* EXERCISE BRIEF *
An exact transcription of all the records, free of pictures, is the expected answer.

* DATASET EXTRACT *
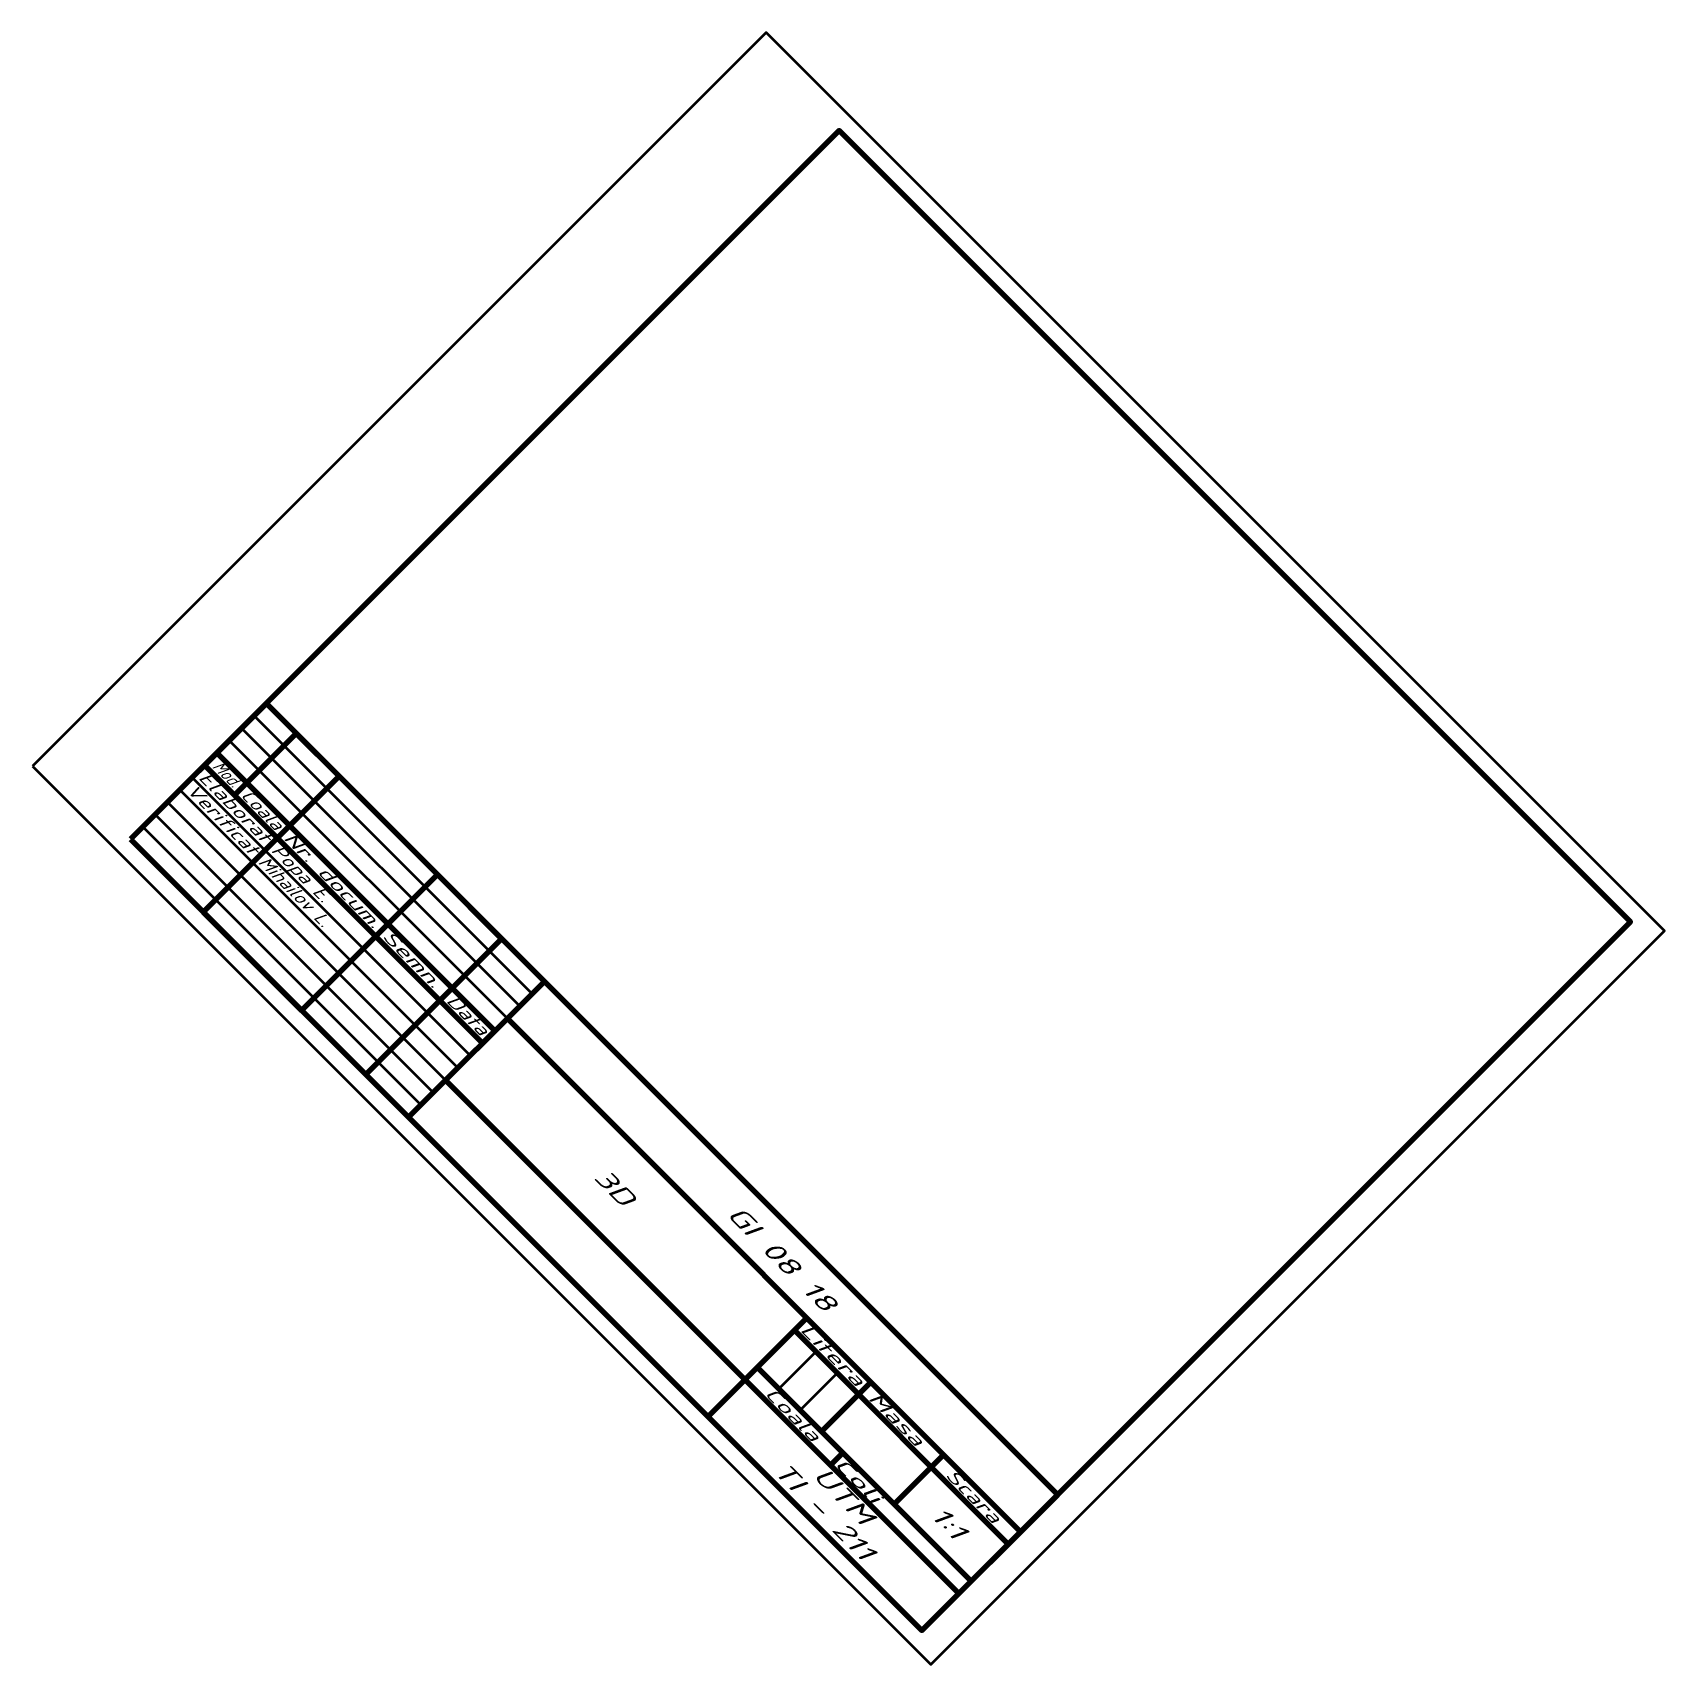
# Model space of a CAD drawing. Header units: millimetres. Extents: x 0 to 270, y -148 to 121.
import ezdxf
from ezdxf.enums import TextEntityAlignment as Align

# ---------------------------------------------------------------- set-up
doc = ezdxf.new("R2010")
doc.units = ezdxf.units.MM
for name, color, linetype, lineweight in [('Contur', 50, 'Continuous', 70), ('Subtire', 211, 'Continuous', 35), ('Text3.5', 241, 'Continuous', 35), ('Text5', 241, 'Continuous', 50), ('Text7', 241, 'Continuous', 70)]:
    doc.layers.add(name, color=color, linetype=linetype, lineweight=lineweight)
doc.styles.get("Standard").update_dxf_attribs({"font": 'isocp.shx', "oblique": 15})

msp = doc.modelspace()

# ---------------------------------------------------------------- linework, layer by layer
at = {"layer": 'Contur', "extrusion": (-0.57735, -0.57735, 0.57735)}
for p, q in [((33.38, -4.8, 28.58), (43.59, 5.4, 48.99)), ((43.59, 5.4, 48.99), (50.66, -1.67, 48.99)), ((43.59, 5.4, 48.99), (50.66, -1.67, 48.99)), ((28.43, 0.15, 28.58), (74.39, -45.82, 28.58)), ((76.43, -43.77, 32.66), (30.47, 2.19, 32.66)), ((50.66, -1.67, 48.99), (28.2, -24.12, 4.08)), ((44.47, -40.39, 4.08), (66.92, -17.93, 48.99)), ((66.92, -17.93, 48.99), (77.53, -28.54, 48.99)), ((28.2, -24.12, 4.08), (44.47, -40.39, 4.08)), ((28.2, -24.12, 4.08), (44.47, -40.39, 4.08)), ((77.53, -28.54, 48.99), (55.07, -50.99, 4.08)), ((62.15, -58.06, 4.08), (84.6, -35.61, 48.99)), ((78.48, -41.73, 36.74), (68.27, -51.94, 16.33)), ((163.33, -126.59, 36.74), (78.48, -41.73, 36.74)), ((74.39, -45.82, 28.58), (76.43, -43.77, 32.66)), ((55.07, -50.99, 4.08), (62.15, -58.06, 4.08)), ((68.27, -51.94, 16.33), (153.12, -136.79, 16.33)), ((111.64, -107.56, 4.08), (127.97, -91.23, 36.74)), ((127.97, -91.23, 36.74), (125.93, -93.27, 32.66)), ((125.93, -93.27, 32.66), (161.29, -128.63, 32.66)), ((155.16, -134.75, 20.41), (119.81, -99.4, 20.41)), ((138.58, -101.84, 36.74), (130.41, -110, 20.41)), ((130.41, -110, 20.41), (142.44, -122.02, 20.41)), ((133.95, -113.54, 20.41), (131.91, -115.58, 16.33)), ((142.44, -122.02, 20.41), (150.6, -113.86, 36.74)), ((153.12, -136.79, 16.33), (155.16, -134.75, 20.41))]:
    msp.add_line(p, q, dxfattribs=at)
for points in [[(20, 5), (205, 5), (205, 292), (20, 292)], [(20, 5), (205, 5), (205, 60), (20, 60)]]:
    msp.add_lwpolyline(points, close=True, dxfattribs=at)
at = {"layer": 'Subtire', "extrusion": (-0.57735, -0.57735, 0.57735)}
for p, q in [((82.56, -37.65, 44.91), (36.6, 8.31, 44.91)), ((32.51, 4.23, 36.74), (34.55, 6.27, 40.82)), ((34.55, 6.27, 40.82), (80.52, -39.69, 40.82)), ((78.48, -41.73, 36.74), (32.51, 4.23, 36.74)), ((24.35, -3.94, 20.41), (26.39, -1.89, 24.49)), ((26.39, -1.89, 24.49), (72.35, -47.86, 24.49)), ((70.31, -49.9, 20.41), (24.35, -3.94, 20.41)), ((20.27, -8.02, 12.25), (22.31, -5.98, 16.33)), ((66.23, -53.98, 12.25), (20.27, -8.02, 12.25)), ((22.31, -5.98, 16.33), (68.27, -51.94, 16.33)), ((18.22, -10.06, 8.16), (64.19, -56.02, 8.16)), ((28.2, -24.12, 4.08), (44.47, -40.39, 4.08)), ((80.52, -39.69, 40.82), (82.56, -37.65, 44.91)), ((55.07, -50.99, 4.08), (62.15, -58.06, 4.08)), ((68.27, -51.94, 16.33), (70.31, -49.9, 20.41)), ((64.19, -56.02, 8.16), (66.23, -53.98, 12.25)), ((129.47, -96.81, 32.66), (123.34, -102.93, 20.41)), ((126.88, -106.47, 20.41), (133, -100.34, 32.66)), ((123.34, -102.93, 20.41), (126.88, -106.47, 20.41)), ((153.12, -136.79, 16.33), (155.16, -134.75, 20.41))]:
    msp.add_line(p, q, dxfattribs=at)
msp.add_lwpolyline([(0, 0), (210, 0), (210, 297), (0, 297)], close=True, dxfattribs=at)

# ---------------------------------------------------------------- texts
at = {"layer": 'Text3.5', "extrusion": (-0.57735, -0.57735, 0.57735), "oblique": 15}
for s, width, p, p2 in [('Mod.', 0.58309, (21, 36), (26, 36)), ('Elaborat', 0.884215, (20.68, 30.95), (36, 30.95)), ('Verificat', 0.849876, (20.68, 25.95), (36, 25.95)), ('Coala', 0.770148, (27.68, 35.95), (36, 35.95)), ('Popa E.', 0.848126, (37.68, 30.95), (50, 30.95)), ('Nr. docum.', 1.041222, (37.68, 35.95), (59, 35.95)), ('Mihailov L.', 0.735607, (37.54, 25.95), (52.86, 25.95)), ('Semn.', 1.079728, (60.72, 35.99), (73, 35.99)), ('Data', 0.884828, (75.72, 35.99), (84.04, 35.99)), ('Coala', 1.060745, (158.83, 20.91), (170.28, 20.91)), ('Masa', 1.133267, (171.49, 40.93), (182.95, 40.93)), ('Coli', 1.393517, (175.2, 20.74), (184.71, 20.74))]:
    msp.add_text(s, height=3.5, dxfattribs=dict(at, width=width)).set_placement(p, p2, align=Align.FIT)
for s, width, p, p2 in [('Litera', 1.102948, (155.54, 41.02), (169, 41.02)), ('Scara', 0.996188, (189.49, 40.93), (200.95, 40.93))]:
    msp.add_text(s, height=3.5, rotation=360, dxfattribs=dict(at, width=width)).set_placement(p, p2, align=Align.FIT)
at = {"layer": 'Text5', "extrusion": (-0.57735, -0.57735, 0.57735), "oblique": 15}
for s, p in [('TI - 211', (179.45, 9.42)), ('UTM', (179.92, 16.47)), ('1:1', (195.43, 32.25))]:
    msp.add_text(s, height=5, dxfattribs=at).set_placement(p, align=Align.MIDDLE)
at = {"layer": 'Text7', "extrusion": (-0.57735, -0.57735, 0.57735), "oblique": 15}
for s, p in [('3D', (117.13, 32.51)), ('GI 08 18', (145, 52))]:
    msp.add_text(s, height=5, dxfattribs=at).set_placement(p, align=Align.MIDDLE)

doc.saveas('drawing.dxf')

* ANSWER FOR THE TASK *
# Model space of a CAD drawing. Header units: millimetres. Extents: x 0 to 270, y -148 to 121.
import ezdxf
from ezdxf.enums import TextEntityAlignment as Align

# ---------------------------------------------------------------- set-up
doc = ezdxf.new("R2010")
doc.units = ezdxf.units.MM
for name, color, linetype, lineweight in [('Contur', 50, 'Continuous', 70), ('Subtire', 211, 'Continuous', 35), ('Text3.5', 241, 'Continuous', 35), ('Text5', 241, 'Continuous', 50), ('Text7', 241, 'Continuous', 70)]:
    doc.layers.add(name, color=color, linetype=linetype, lineweight=lineweight)
doc.styles.get("Standard").update_dxf_attribs({"font": 'isocp.shx', "oblique": 15})

msp = doc.modelspace()

# ---------------------------------------------------------------- linework, layer by layer
at = {"layer": 'Contur', "extrusion": (-0.57735, -0.57735, 0.57735)}
for p, q in [((33.38, -4.8, 28.58), (43.59, 5.4, 48.99)), ((43.59, 5.4, 48.99), (50.66, -1.67, 48.99)), ((43.59, 5.4, 48.99), (50.66, -1.67, 48.99)), ((28.43, 0.15, 28.58), (74.39, -45.82, 28.58)), ((76.43, -43.77, 32.66), (30.47, 2.19, 32.66)), ((50.66, -1.67, 48.99), (28.2, -24.12, 4.08)), ((44.47, -40.39, 4.08), (66.92, -17.93, 48.99)), ((66.92, -17.93, 48.99), (77.53, -28.54, 48.99)), ((28.2, -24.12, 4.08), (44.47, -40.39, 4.08)), ((28.2, -24.12, 4.08), (44.47, -40.39, 4.08)), ((77.53, -28.54, 48.99), (55.07, -50.99, 4.08)), ((62.15, -58.06, 4.08), (84.6, -35.61, 48.99)), ((78.48, -41.73, 36.74), (68.27, -51.94, 16.33)), ((163.33, -126.59, 36.74), (78.48, -41.73, 36.74)), ((74.39, -45.82, 28.58), (76.43, -43.77, 32.66)), ((55.07, -50.99, 4.08), (62.15, -58.06, 4.08)), ((68.27, -51.94, 16.33), (153.12, -136.79, 16.33)), ((111.64, -107.56, 4.08), (127.97, -91.23, 36.74)), ((127.97, -91.23, 36.74), (125.93, -93.27, 32.66)), ((125.93, -93.27, 32.66), (161.29, -128.63, 32.66)), ((155.16, -134.75, 20.41), (119.81, -99.4, 20.41)), ((138.58, -101.84, 36.74), (130.41, -110, 20.41)), ((130.41, -110, 20.41), (142.44, -122.02, 20.41)), ((133.95, -113.54, 20.41), (131.91, -115.58, 16.33)), ((142.44, -122.02, 20.41), (150.6, -113.86, 36.74)), ((153.12, -136.79, 16.33), (155.16, -134.75, 20.41))]:
    msp.add_line(p, q, dxfattribs=at)
for points in [[(20, 5), (205, 5), (205, 292), (20, 292)], [(20, 5), (205, 5), (205, 60), (20, 60)]]:
    msp.add_lwpolyline(points, close=True, dxfattribs=at)
at = {"layer": 'Subtire', "extrusion": (-0.57735, -0.57735, 0.57735)}
for p, q in [((82.56, -37.65, 44.91), (36.6, 8.31, 44.91)), ((32.51, 4.23, 36.74), (34.55, 6.27, 40.82)), ((34.55, 6.27, 40.82), (80.52, -39.69, 40.82)), ((78.48, -41.73, 36.74), (32.51, 4.23, 36.74)), ((24.35, -3.94, 20.41), (26.39, -1.89, 24.49)), ((26.39, -1.89, 24.49), (72.35, -47.86, 24.49)), ((70.31, -49.9, 20.41), (24.35, -3.94, 20.41)), ((20.27, -8.02, 12.25), (22.31, -5.98, 16.33)), ((66.23, -53.98, 12.25), (20.27, -8.02, 12.25)), ((22.31, -5.98, 16.33), (68.27, -51.94, 16.33)), ((18.22, -10.06, 8.16), (64.19, -56.02, 8.16)), ((28.2, -24.12, 4.08), (44.47, -40.39, 4.08)), ((80.52, -39.69, 40.82), (82.56, -37.65, 44.91)), ((55.07, -50.99, 4.08), (62.15, -58.06, 4.08)), ((68.27, -51.94, 16.33), (70.31, -49.9, 20.41)), ((64.19, -56.02, 8.16), (66.23, -53.98, 12.25)), ((129.47, -96.81, 32.66), (123.34, -102.93, 20.41)), ((126.88, -106.47, 20.41), (133, -100.34, 32.66)), ((123.34, -102.93, 20.41), (126.88, -106.47, 20.41)), ((153.12, -136.79, 16.33), (155.16, -134.75, 20.41))]:
    msp.add_line(p, q, dxfattribs=at)
msp.add_lwpolyline([(0, 0), (210, 0), (210, 297), (0, 297)], close=True, dxfattribs=at)

# ---------------------------------------------------------------- texts
at = {"layer": 'Text3.5', "extrusion": (-0.57735, -0.57735, 0.57735), "oblique": 15}
for s, width, p, p2 in [('Mod.', 0.58309, (21, 36), (26, 36)), ('Elaborat', 0.884215, (20.68, 30.95), (36, 30.95)), ('Verificat', 0.849876, (20.68, 25.95), (36, 25.95)), ('Coala', 0.770148, (27.68, 35.95), (36, 35.95)), ('Popa E.', 0.848126, (37.68, 30.95), (50, 30.95)), ('Nr. docum.', 1.041222, (37.68, 35.95), (59, 35.95)), ('Mihailov L.', 0.735607, (37.54, 25.95), (52.86, 25.95)), ('Semn.', 1.079728, (60.72, 35.99), (73, 35.99)), ('Data', 0.884828, (75.72, 35.99), (84.04, 35.99)), ('Coala', 1.060745, (158.83, 20.91), (170.28, 20.91)), ('Masa', 1.133267, (171.49, 40.93), (182.95, 40.93)), ('Coli', 1.393517, (175.2, 20.74), (184.71, 20.74))]:
    msp.add_text(s, height=3.5, dxfattribs=dict(at, width=width)).set_placement(p, p2, align=Align.FIT)
for s, width, p, p2 in [('Litera', 1.102948, (155.54, 41.02), (169, 41.02)), ('Scara', 0.996188, (189.49, 40.93), (200.95, 40.93))]:
    msp.add_text(s, height=3.5, rotation=360, dxfattribs=dict(at, width=width)).set_placement(p, p2, align=Align.FIT)
at = {"layer": 'Text5', "extrusion": (-0.57735, -0.57735, 0.57735), "oblique": 15}
for s, p in [('TI - 211', (179.45, 9.42)), ('UTM', (179.92, 16.47)), ('1:1', (195.43, 32.25))]:
    msp.add_text(s, height=5, dxfattribs=at).set_placement(p, align=Align.MIDDLE)
at = {"layer": 'Text7', "extrusion": (-0.57735, -0.57735, 0.57735), "oblique": 15}
for s, p in [('3D', (117.13, 32.51)), ('GI 08 18', (145, 52))]:
    msp.add_text(s, height=5, dxfattribs=at).set_placement(p, align=Align.MIDDLE)

doc.saveas('drawing.dxf')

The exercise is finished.